(INFORMATION SUPPLIED)
^^^^^^^^^^^^^^^^

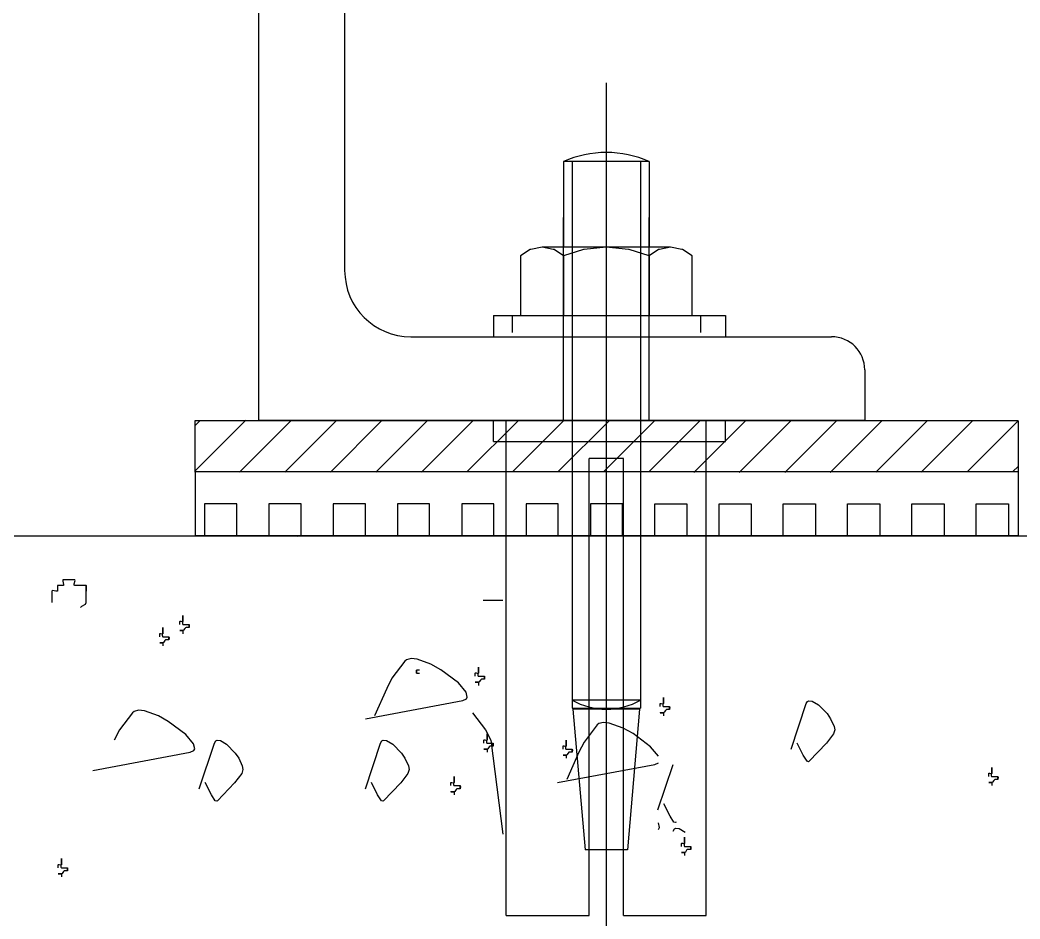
# Model space of a CAD drawing. Extents: x 2246048 to 2442613, y -66234 to 220766.
# Drawn here: x 2370796 to 2371620, y 128724 to 129466 of the extents above; entities that cross this region are included whole.
import ezdxf
from ezdxf.lldxf.tags import DXFTag

# ---------------------------------------------------------------- set-up
doc = ezdxf.new("R2010")
doc.units = 0
doc.header["$LTSCALE"] = 1000
doc.header["$MEASUREMENT"] = 0
for name, color, linetype in [('$RECOVER_980714094048-101', 7, 'Continuous'), ('$RECOVER_980714094048-89', 7, 'Continuous'), ('BASE', 7, 'Continuous'), ('PUMP', 3, 'Continuous')]:
    doc.layers.add(name, color=color, linetype=linetype)
tags = doc.linetypes.add('USTATION2', pattern=[1, 0.75, -0.25]).pattern_tags.tags
tags[6:7] = [DXFTag(74, 4), DXFTag(75, 0), DXFTag(340, '0'), DXFTag(46, 1.0), DXFTag(50, 0.0), DXFTag(44, 0.0), DXFTag(45, 0.0)]
tags[4:5] = [DXFTag(74, 4), DXFTag(75, 0), DXFTag(340, '0'), DXFTag(46, 1.0), DXFTag(50, 0.0), DXFTag(44, 0.0), DXFTag(45, 0.0)]

msp = doc.modelspace()

# ---------------------------------------------------------------- linework, layer by layer
at = {"layer": '$RECOVER_980714094048-101', "linetype": 'Continuous'}
for p, q in [((2370992.843291486, 129687.627305474), (2370992.843291486, 129135.5121054741)), ((2371063.823291479, 129660.3273054713), (2371063.823291479, 129259.126505475)), ((2371118.423291494, 129204.5265054741), (2371465.078691483, 129204.5265054741)), ((2371492.37869149, 129177.2265054714), (2371492.37869149, 129135.5121054741)), ((2371492.37869149, 129135.5121054741), (2370992.843291486, 129135.5121054741))]:
    msp.add_line(p, q, dxfattribs=at)
for centre, radius, start, end in [((2371118.423291494, 129259.126505475), 54.59999996004626, 180, 270), ((2371465.078691487, 129177.2265054669), 27.29999998456333, 1.334021322268115e-08, 90)]:
    msp.add_arc(centre, radius, start, end, dxfattribs=at)
at = {"layer": '$RECOVER_980714094048-89', "color": 3, "linetype": 'Continuous'}
for p, q in [((2371186.345691487, 129221.9439054751), (2371377.664091494, 129221.9439054751)), ((2371186.345691487, 129221.9439054751), (2371186.345691487, 129204.5265054741)), ((2371377.664091494, 129221.9439054751), (2371377.664091494, 129204.5265054741)), ((2371186.345691487, 129204.5265054741), (2371377.664091494, 129204.5265054741)), ((2371186.345691487, 129118.1493054712), (2371186.345691487, 129135.5121054741)), ((2371186.345691487, 129135.5121054741), (2371377.664091494, 129135.5121054741)), ((2371377.664091494, 129118.1493054712), (2371377.664091494, 129135.5121054741)), ((2371186.345691487, 129118.1493054712), (2371377.664091494, 129118.1493054712))]:
    msp.add_line(p, q, dxfattribs=at)
at = {"layer": 'BASE', "color": 9, "linetype": 'USTATION2'}
for p, q in [((2371244.120555306, 129135.1679742162), (2371244.120555306, 129302.9280246346)), ((2371314.771968402, 129135.1679742162), (2371314.771968402, 129302.9280246346)), ((2371178.006656464, 128987.4108470565), (2371194.256481477, 128987.4108470565))]:
    msp.add_line(p, q, dxfattribs=at)
at = {"layer": 'BASE'}
msp.add_line((2369767.717821993, 129040.3994068787), (2375404.631955018, 129040.3994068787), dxfattribs=at)
at = {"layer": 'BASE', "color": 9, "linetype": 'Continuous'}
for p, q in [((2370832.010590577, 128999.4494068788), (2370827.320590578, 128999.4494068788)), ((2370827.320590578, 128999.4494068788), (2370827.320590578, 128994.7594068787)), ((2370831.624582347, 129004.0043039981), (2370831.489479466, 129003.0971846565)), ((2370831.489479466, 129003.0971846565), (2370832.145693458, 129000.3565262203)), ((2370832.010590577, 129004.1394068787), (2370831.624582347, 129004.0043039981)), ((2370836.700590577, 129004.1394068787), (2370832.010590577, 129004.1394068787)), ((2370832.145693458, 129000.3565262203), (2370832.010590577, 128999.4494068788)), ((2370841.390590578, 129004.1394068787), (2370836.700590577, 129004.1394068787)), ((2370841.030316229, 128999.6102436414), (2370841.04318317, 129000.6653328047)), ((2370841.390590578, 128999.4494068788), (2370841.030316229, 128999.6102436414)), ((2370841.04318317, 129000.6653328047), (2370841.840933513, 129003.547527592)), ((2370841.840933513, 129003.547527592), (2370841.390590578, 129004.1394068787)), ((2370846.075590577, 128999.4494068788), (2370841.390590578, 128999.4494068788)), ((2370850.765590578, 128999.4494068788), (2370846.075590577, 128999.4494068788)), ((2370850.765590578, 128994.7594068787), (2370850.765590578, 128999.4494068788)), ((2370850.765590578, 128999.4494068788), (2370850.765590578, 128994.7594068787)), ((2370851.080830633, 128998.9175733167), (2370850.765590578, 128999.4494068788)), ((2370850.939294281, 128996.2069377429), (2370851.080830633, 128998.9175733167)), ((2370823.132401277, 128995.2998184013), (2370822.630590578, 128994.7594068787)), ((2370822.630590578, 128994.7594068787), (2370822.630590578, 128990.0644068788)), ((2370822.630590578, 128990.0644068788), (2370822.630590578, 128985.3744068787)), ((2370825.757257244, 128994.7594068787), (2370823.132401277, 128995.2998184013)), ((2370827.320590578, 128994.7594068787), (2370825.757257244, 128994.7594068787)), ((2370850.765590578, 128994.7594068787), (2370850.939294281, 128996.2069377429)), ((2370850.765590578, 128990.0644068788), (2370850.765590578, 128994.7594068787)), ((2370850.765590578, 128985.3744068787), (2370850.765590578, 128990.0644068788)), ((2370846.23642734, 128981.3547485111), (2370847.291516503, 128982.3916410719)), ((2370847.291516503, 128982.3916410719), (2370850.173711291, 128984.1456465048)), ((2370850.173711291, 128984.1456465048), (2370850.765590578, 128985.3744068787)), ((2370930.583063694, 128974.7244068787), (2370930.583063694, 128972.2194068787)), ((2370930.583063694, 128972.2194068787), (2370930.583063694, 128974.7244068787)), ((2370913.916713317, 128964.6994068788), (2370913.916713317, 128962.1944068787)), ((2370913.916713317, 128962.1944068787), (2370913.916713317, 128964.6994068788)), ((2370928.073063693, 128969.7094068787), (2370928.159140511, 128969.9022189501)), ((2370928.073063693, 128967.2044068787), (2370928.073063693, 128969.7094068787)), ((2370928.159140511, 128969.9022189501), (2370928.723804434, 128969.8953328046)), ((2370928.723804434, 128969.8953328046), (2370930.266301005, 128969.4683917896)), ((2370930.397322953, 128970.6715673725), (2370930.214894461, 128968.6142360037)), ((2370930.214894461, 128968.6142360037), (2370930.245978646, 128967.7730945788)), ((2370930.245978646, 128967.7730945788), (2370930.423820946, 128967.2743887582)), ((2370930.266301005, 128969.4683917896), (2370930.54378716, 128969.5627574858)), ((2370930.583063694, 128972.2194068787), (2370930.397322953, 128970.6715673725)), ((2370930.423820946, 128967.2743887582), (2370930.583063694, 128967.2044068787)), ((2370930.54378716, 128969.5627574858), (2370930.583063694, 128969.7094068787)), ((2370930.583063694, 128969.7094068787), (2370930.583063694, 128972.2194068787)), ((2370930.583063694, 128972.2194068787), (2370930.583063694, 128969.7094068787)), ((2370930.583063694, 128969.7094068787), (2370930.583063694, 128972.2194068787)), ((2370930.583063694, 128967.2044068787), (2370933.088063694, 128967.2044068787)), ((2370932.243191519, 128964.048666138), (2370931.152527624, 128962.5061695674)), ((2370932.79949255, 128964.6133300612), (2370932.243191519, 128964.048666138)), ((2370933.088063694, 128964.6994068788), (2370932.79949255, 128964.6133300612)), ((2370933.088063694, 128967.2044068787), (2370935.593063693, 128967.2044068787)), ((2370935.593063693, 128964.6994068788), (2370933.088063694, 128964.6994068788)), ((2370935.593063693, 128967.2044068787), (2370935.593063693, 128964.6994068788)), ((2370935.593063693, 128964.6994068788), (2370935.593063693, 128967.2044068787)), ((2370935.593063693, 128967.2044068787), (2370935.703022541, 128967.1276647663)), ((2370935.778619249, 128966.6168142861), (2370935.593063693, 128964.6994068788)), ((2370935.703022541, 128967.1276647663), (2370935.778619249, 128966.6168142861)), ((2370911.406713318, 128959.6844068788), (2370911.492790135, 128959.8772189501)), ((2370911.406713318, 128957.1794068788), (2370911.406713318, 128959.6844068788)), ((2370911.492790135, 128959.8772189501), (2370912.057454058, 128959.8703328046)), ((2370912.057454058, 128959.8703328046), (2370913.599950629, 128959.4433917896)), ((2370913.730972577, 128960.6465673726), (2370913.548544085, 128958.5892360037)), ((2370913.548544085, 128958.5892360037), (2370913.57962827, 128957.7480945787)), ((2370913.57962827, 128957.7480945787), (2370913.75747057, 128957.2493887582)), ((2370913.599950629, 128959.4433917896), (2370913.877436785, 128959.5377574859)), ((2370913.916713317, 128962.1944068787), (2370913.730972577, 128960.6465673726)), ((2370913.75747057, 128957.2493887582), (2370913.916713317, 128957.1794068788)), ((2370913.877436785, 128959.5377574859), (2370913.916713317, 128959.6844068788)), ((2370913.916713317, 128959.6844068788), (2370913.916713317, 128962.1944068787)), ((2370913.916713317, 128962.1944068787), (2370913.916713317, 128959.6844068788)), ((2370913.916713317, 128959.6844068788), (2370913.916713317, 128962.1944068787)), ((2370913.916713317, 128957.1794068788), (2370916.421713318, 128957.1794068788)), ((2370916.421713318, 128957.1794068788), (2370918.926713318, 128957.1794068788)), ((2370918.926713318, 128957.1794068788), (2370918.926713318, 128954.6744068788)), ((2370918.926713318, 128954.6744068788), (2370918.926713318, 128957.1794068788)), ((2370918.926713318, 128957.1794068788), (2370919.036672165, 128957.1026647663)), ((2370919.112268873, 128956.5918142861), (2370918.926713318, 128954.6744068788)), ((2370919.036672165, 128957.1026647663), (2370919.112268873, 128956.5918142861)), ((2370928.073063693, 128962.1894068788), (2370928.847755052, 128962.2823698417)), ((2370930.583063694, 128962.1894068788), (2370928.073063693, 128962.1894068788)), ((2370928.073063693, 128962.1894068788), (2370930.583063694, 128962.1894068788)), ((2370930.583063694, 128962.1894068788), (2370928.073063693, 128962.1894068788)), ((2370928.073063693, 128962.1894068788), (2370930.583063694, 128962.1894068788)), ((2370930.583063694, 128962.1894068788), (2370928.073063693, 128962.1894068788)), ((2370928.847755052, 128962.2823698417), (2370930.29843635, 128962.3581174412)), ((2370930.29843635, 128962.3581174412), (2370930.583063694, 128962.1894068788)), ((2370931.152527624, 128962.5061695674), (2370930.583063694, 128962.1894068788)), ((2370930.583063694, 128962.1894068788), (2370930.583063694, 128959.6844068788)), ((2370911.406713318, 128952.1644068788), (2370912.181404675, 128952.2573698417)), ((2370913.916713317, 128952.1644068788), (2370911.406713318, 128952.1644068788)), ((2370911.406713318, 128952.1644068788), (2370913.916713317, 128952.1644068788)), ((2370913.916713317, 128952.1644068788), (2370911.406713318, 128952.1644068788)), ((2370911.406713318, 128952.1644068788), (2370913.916713317, 128952.1644068788)), ((2370913.916713317, 128952.1644068788), (2370911.406713318, 128952.1644068788)), ((2370912.181404675, 128952.2573698417), (2370913.632085974, 128952.3331174412)), ((2370913.632085974, 128952.3331174412), (2370913.916713317, 128952.1644068788)), ((2370914.486177247, 128952.4811695673), (2370913.916713317, 128952.1644068788)), ((2370913.916713317, 128952.1644068788), (2370913.916713317, 128949.6594068788)), ((2370915.576841143, 128954.0236661379), (2370914.486177247, 128952.4811695673)), ((2370916.133142173, 128954.5883300612), (2370915.576841143, 128954.0236661379)), ((2370916.421713318, 128954.6744068788), (2370916.133142173, 128954.5883300612)), ((2370918.926713318, 128954.6744068788), (2370916.421713318, 128954.6744068788)), ((2371113.483063694, 128937.1294068787), (2371102.821361215, 128922.9141435975)), ((2371114.888424706, 128938.1716596254), (2371113.483063694, 128937.1294068787)), ((2371118.650217457, 128939.0912844501), (2371114.888424706, 128938.1716596254)), ((2371123.438841397, 128938.6371396423), (2371118.650217457, 128939.0912844501)), ((2371134.938519915, 128934.4686831686), (2371123.438841397, 128938.6371396423)), ((2371143.099685196, 128929.9658136819), (2371134.938519915, 128934.4686831686)), ((2371173.992355497, 128932.1144068787), (2371173.992355497, 128929.6094068787)), ((2371173.992355497, 128929.6094068787), (2371173.992355497, 128932.1144068787)), ((2371102.821361215, 128922.9141435975), (2371098.448063693, 128914.5694068787)), ((2371122.97563173, 128929.5326647663), (2371122.900035022, 128929.0218142861)), ((2371122.900035022, 128929.0218142861), (2371123.085590578, 128927.1044068787)), ((2371123.085590578, 128929.6094068787), (2371122.97563173, 128929.5326647663)), ((2371125.590590578, 128929.6094068787), (2371123.085590578, 128929.6094068787)), ((2371123.085590578, 128927.1044068787), (2371123.085590578, 128929.6094068787)), ((2371123.085590578, 128929.6094068787), (2371123.085590578, 128927.1044068787)), ((2371123.085590578, 128927.1044068787), (2371125.590590578, 128927.1044068787)), ((2371157.521158987, 128919.1190970723), (2371143.099685196, 128929.9658136819)), ((2371171.482355496, 128927.0994068787), (2371171.568432314, 128927.2922189501)), ((2371171.482355496, 128924.5944068787), (2371171.482355496, 128927.0994068787)), ((2371171.568432314, 128927.2922189501), (2371172.133096237, 128927.2853328047)), ((2371172.133096237, 128927.2853328047), (2371173.675592808, 128926.8583917896)), ((2371173.806614756, 128928.0615673725), (2371173.624186264, 128926.0042360036)), ((2371173.624186264, 128926.0042360036), (2371173.655270448, 128925.1630945788)), ((2371173.655270448, 128925.1630945788), (2371173.833112749, 128924.6643887581)), ((2371173.675592808, 128926.8583917896), (2371173.953078963, 128926.9527574859)), ((2371173.992355497, 128929.6094068787), (2371173.806614756, 128928.0615673725)), ((2371173.833112749, 128924.6643887581), (2371173.992355497, 128924.5944068787)), ((2371173.953078963, 128926.9527574859), (2371173.992355497, 128927.0994068787)), ((2371173.992355497, 128927.0994068787), (2371173.992355497, 128929.6094068787)), ((2371173.992355497, 128929.6094068787), (2371173.992355497, 128927.0994068787)), ((2371173.992355497, 128927.0994068787), (2371173.992355497, 128929.6094068787)), ((2371173.992355497, 128924.5944068787), (2371176.497355497, 128924.5944068787)), ((2371176.497355497, 128924.5944068787), (2371179.002355496, 128924.5944068787)), ((2371179.002355496, 128924.5944068787), (2371179.002355496, 128922.0894068787)), ((2371179.002355496, 128922.0894068787), (2371179.002355496, 128924.5944068787)), ((2371179.002355496, 128924.5944068787), (2371179.112314344, 128924.5176647662)), ((2371179.187911052, 128924.0068142861), (2371179.002355496, 128922.0894068787)), ((2371179.112314344, 128924.5176647662), (2371179.187911052, 128924.0068142861)), ((2371098.448063693, 128914.5694068787), (2371088.428063693, 128892.0094068787)), ((2371163.971867817, 128911.3825356107), (2371157.521158987, 128919.1190970723)), ((2371171.482355496, 128919.5794068787), (2371172.257046855, 128919.6723698417)), ((2371173.992355497, 128919.5794068787), (2371171.482355496, 128919.5794068787)), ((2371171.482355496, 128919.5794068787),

^^^^^^^^^^^^^^^^

(THE TASK) Your answer should be a single number: how many lines of the material above include "radius".

(EXPECTED ANSWER) 2